Monday, January 3, 2011

Living Death - Vengeance of Hell (1984)

Living Death might be better considered a speed and power metal infiltration squad who latched onto the thrash medium a few years into their development, but there's no real argument that even this debut album, Vengeance of Hell, contained the raw and rugged guitars and aggression comparable to old Metallica or their closer kin in Destruction. Despite its crude standards, and the rather shaky presence of frontman Thorsten Bergmann, there's a certain curb appeal here that unquestionably takes you straight back to the early through mid 80s excitement of uncertainty and menace that was so prevalent before the days of Wikipedia, instant internet gratification and guttural brutes attempting to out stomp one another.

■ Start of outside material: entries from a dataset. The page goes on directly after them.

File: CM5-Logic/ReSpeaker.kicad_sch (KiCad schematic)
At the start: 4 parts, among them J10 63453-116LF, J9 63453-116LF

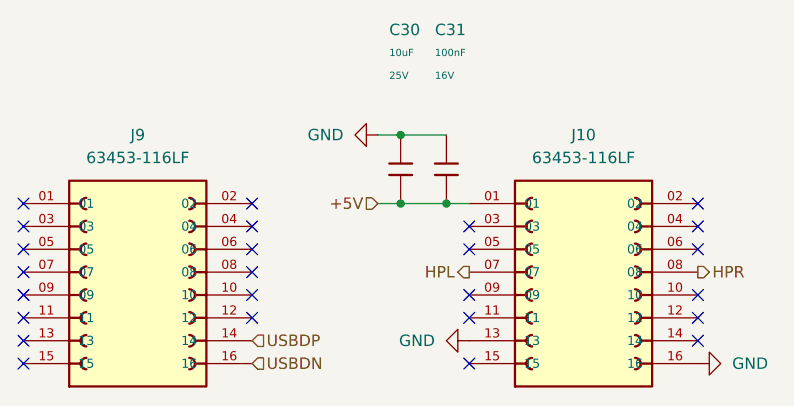
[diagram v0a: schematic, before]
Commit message: adds power connector and works on the ESP32 outputs
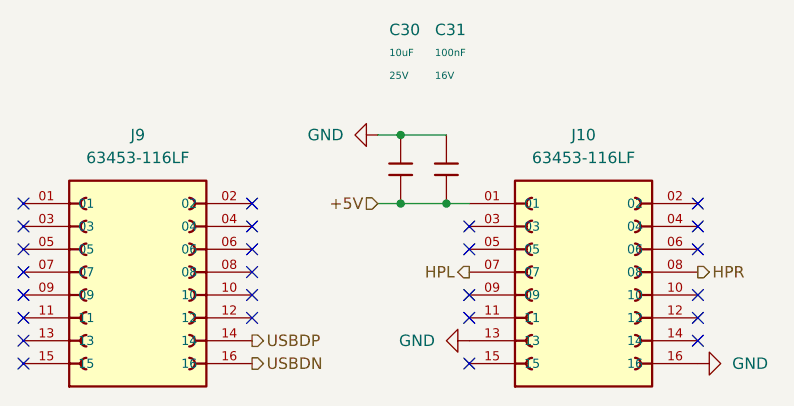
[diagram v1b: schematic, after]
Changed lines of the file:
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@@
 	)
 	(hierarchical_label "USBDP"
-		(shape input)
+		(shape output)
 		(at 130.81 93.98 0)
 		(effects
@@
 	)
 	(hierarchical_label "USBDN"
-		(shape input)
+		(shape output)
 		(at 130.81 96.52 0)
 		(effects

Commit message: fixes a few label issues
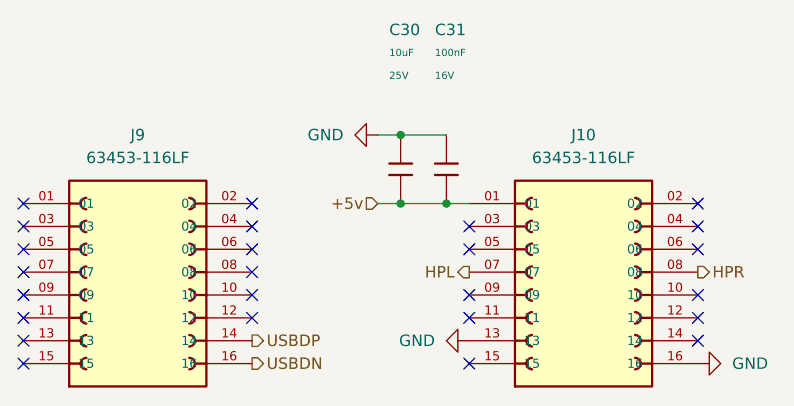
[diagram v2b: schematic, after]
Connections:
- net +5V renamed +5v
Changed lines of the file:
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@@
 		)
 	)
-	(hierarchical_label "+5V"
+	(hierarchical_label "+5v"
 		(shape input)
 		(at 144.78 78.74 180)

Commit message: changes USB port, adds TMC2209 SilentStepStick footprint, redoes PCB Layout
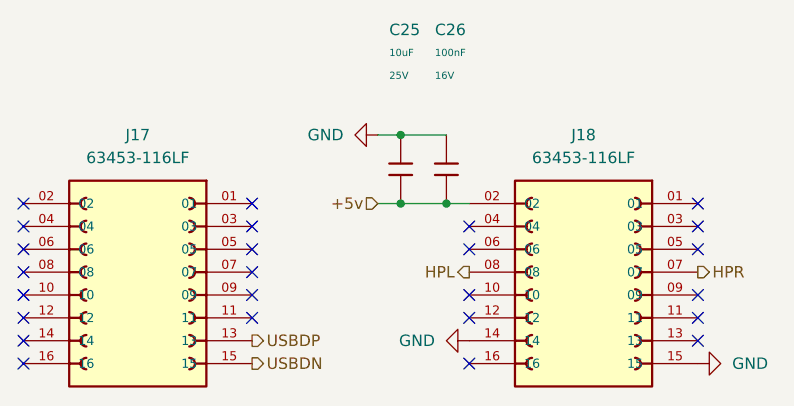
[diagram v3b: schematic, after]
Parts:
- removed J10: 63453-116LF, 63453-116LF:AMPHENOL_63453-116LF, symbol 63453-116LF:63453-116LF
- added J18: 63453-116LF, Custom Components:AMPHENOL_63453-116LF, symbol 63453-116LF:63453-116LF
- J17: renamed from J9; footprint 63453-116LF:AMPHENOL_63453-116LF -> Custom Components:AMPHENOL_63453-116LF
- renumbered C30 to C25, C31 to C26
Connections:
- net +5v: now also J18.02
- net GND: now also J18.14, J18.15
- net HPL: now also J18.08
- net HPR: now also J18.07
- net USBDN: now also J17.15; no longer J17.16
- net USBDP: now also J17.13; no longer J17.14
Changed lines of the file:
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@@
 		(on_board yes)
 		(dnp no)
-		(property "Reference" "#PWR027"
+		(property "Reference" "#PWR067"
 			(at 186.69 96.52 0)
 			(effects
@@
 			(project "CM5IO"
 				(path "/e63e39d7-6ac0-4ffd-8aa3-1841a4541b55/42efa3ee-6442-4474-87b0-fc8afc97b714"
-					(reference "#PWR027")
+					(reference "#PWR067")
 					(unit 1)
 				)
@@
 		(on_board yes)
 		(dnp no)
-		(property "Reference" "C31"
+		(property "Reference" "C26"
 			(at 151.13 59.436 0)
 			(effects
@@
 			(project ""
 				(path "/e63e39d7-6ac0-4ffd-8aa3-1841a4541b55/42efa3ee-6442-4474-87b0-fc8afc97b714"
-					(reference "C31")
+					(reference "C26")
 					(unit 1)
 				)
@@
 	)
 	(symbol
+		(lib_name "63453-116LF_1")
 		(lib_id "63453-116LF:63453-116LF")
 		(at 167.64 88.9 0)
@@
 		(dnp no)
 		(fields_autoplaced yes)
-		(property "Reference" "J10"
+		(property "Reference" "J18"
 			(at 167.64 71.12 0)
 			(effects
@@
 			)
 		)
-		(property "Footprint" "63453-116LF:AMPHENOL_63453-116LF"
+		(property "Footprint" "Custom Components:AMPHENOL_63453-116LF"
 			(at 167.64 88.9 0)
 			(effects
@@
 			(project "CM5IO"
 				(path "/e63e39d7-6ac0-4ffd-8aa3-1841a4541b55/42efa3ee-6442-4474-87b0-fc8afc97b714"
-					(reference "J10")
+					(reference "J18")
 					(unit 1)
 				)
@@
 	)
 	(symbol
+		(lib_name "63453-116LF_1")
 		(lib_id "63453-116LF:63453-116LF")
 		(at 118.11 88.9 0)
@@
 		(dnp no)
 		(fields_autoplaced yes)
-		(property "Reference" "J9"
+		(property "Reference" "J17"
 			(at 118.11 71.12 0)
 			(effects
@@
 			)
 		)
-		(property "Footprint" "63453-116LF:AMPHENOL_63453-116LF"
+		(property "Footprint" "Custom Components:AMPHENOL_63453-116LF"
 			(at 118.11 88.9 0)
 			(effects
@@
 			(project ""
 				(path "/e63e39d7-6ac0-4ffd-8aa3-1841a4541b55/42efa3ee-6442-4474-87b0-fc8afc97b714"
-					(reference "J9")
+					(reference "J17")
 					(unit 1)
 				)
@@
 		(dnp no)
 		(fields_autoplaced yes)
-		(property "Reference" "#PWR09"
+		(property "Reference" "#PWR066"
 			(at 148.59 93.98 0)
 			(effects
@@
 			(project ""
 				(path "/e63e39d7-6ac0-4ffd-8aa3-1841a4541b55/42efa3ee-6442-4474-87b0-fc8afc97b714"
-					(reference "#PWR09")
+					(reference "#PWR066")
 					(unit 1)
 				)
@@
 		(on_board yes)
 		(dnp no)
-		(property "Reference" "C30"
+		(property "Reference" "C25"
 			(at 146.05 59.436 0)
 			(effects
@@
 			(project ""
 				(path "/e63e39d7-6ac0-4ffd-8aa3-1841a4541b55/42efa3ee-6442-4474-87b0-fc8afc97b714"
-					(reference "C30")
+					(reference "C25")
 					(unit 1)
 				)

Bergmann is clearly the weak point to this recording, because half of the album is spent with him sounding like he's trying to clear his throat or evoke images of two old women bickering at the local market. It's particularly annoying in a track like "Living Death" or "Riding a Virgin", where it almost nullifies the music completely, but a little less of a distraction in the great "Heavy Metal Hurricane", "You and Me", "My Victim", or the crushing "Vengeance of Hell" itself, in which he actually creates some appeal through the siren-like wailing, though he still might have you hovering upon the precipice of outright laughter. When the band drops the faster, speed/thrash elements for a pretty straight up metal tune like the pumping, nasally "Nightlight" or "Hellpike", the results become more varied. Clearly the guy has a voice, and can hit notes, but he almost seems to be under the illusion that he's a comedian and that people might want to experience his absurdity over the scorching metallic undercurrent.

As far as the riffs, they're fairly comparable to Running Wild, Judas Priest or Accept of their day, with a few surges into ruthless power thrash that serve as precognitions for their later 80s, 90s fare. The album has never sounded very good, even when it was released, and this primacy is one nagging flaw difficult to shake, even if you can get past some of the more awkward vocals. Still, I have to say that I still really enjoy the album for its musical attitude and nostalgic atmosphere. It's not the jewel atop the Living Death crown, I could bestow that honor only on the far thrashier Protected from Reality, which makes this look like a shaggy, unkempt peasant guest at a regal Renaissance dinner gathering. But it's fun despite its glaring 'problem'.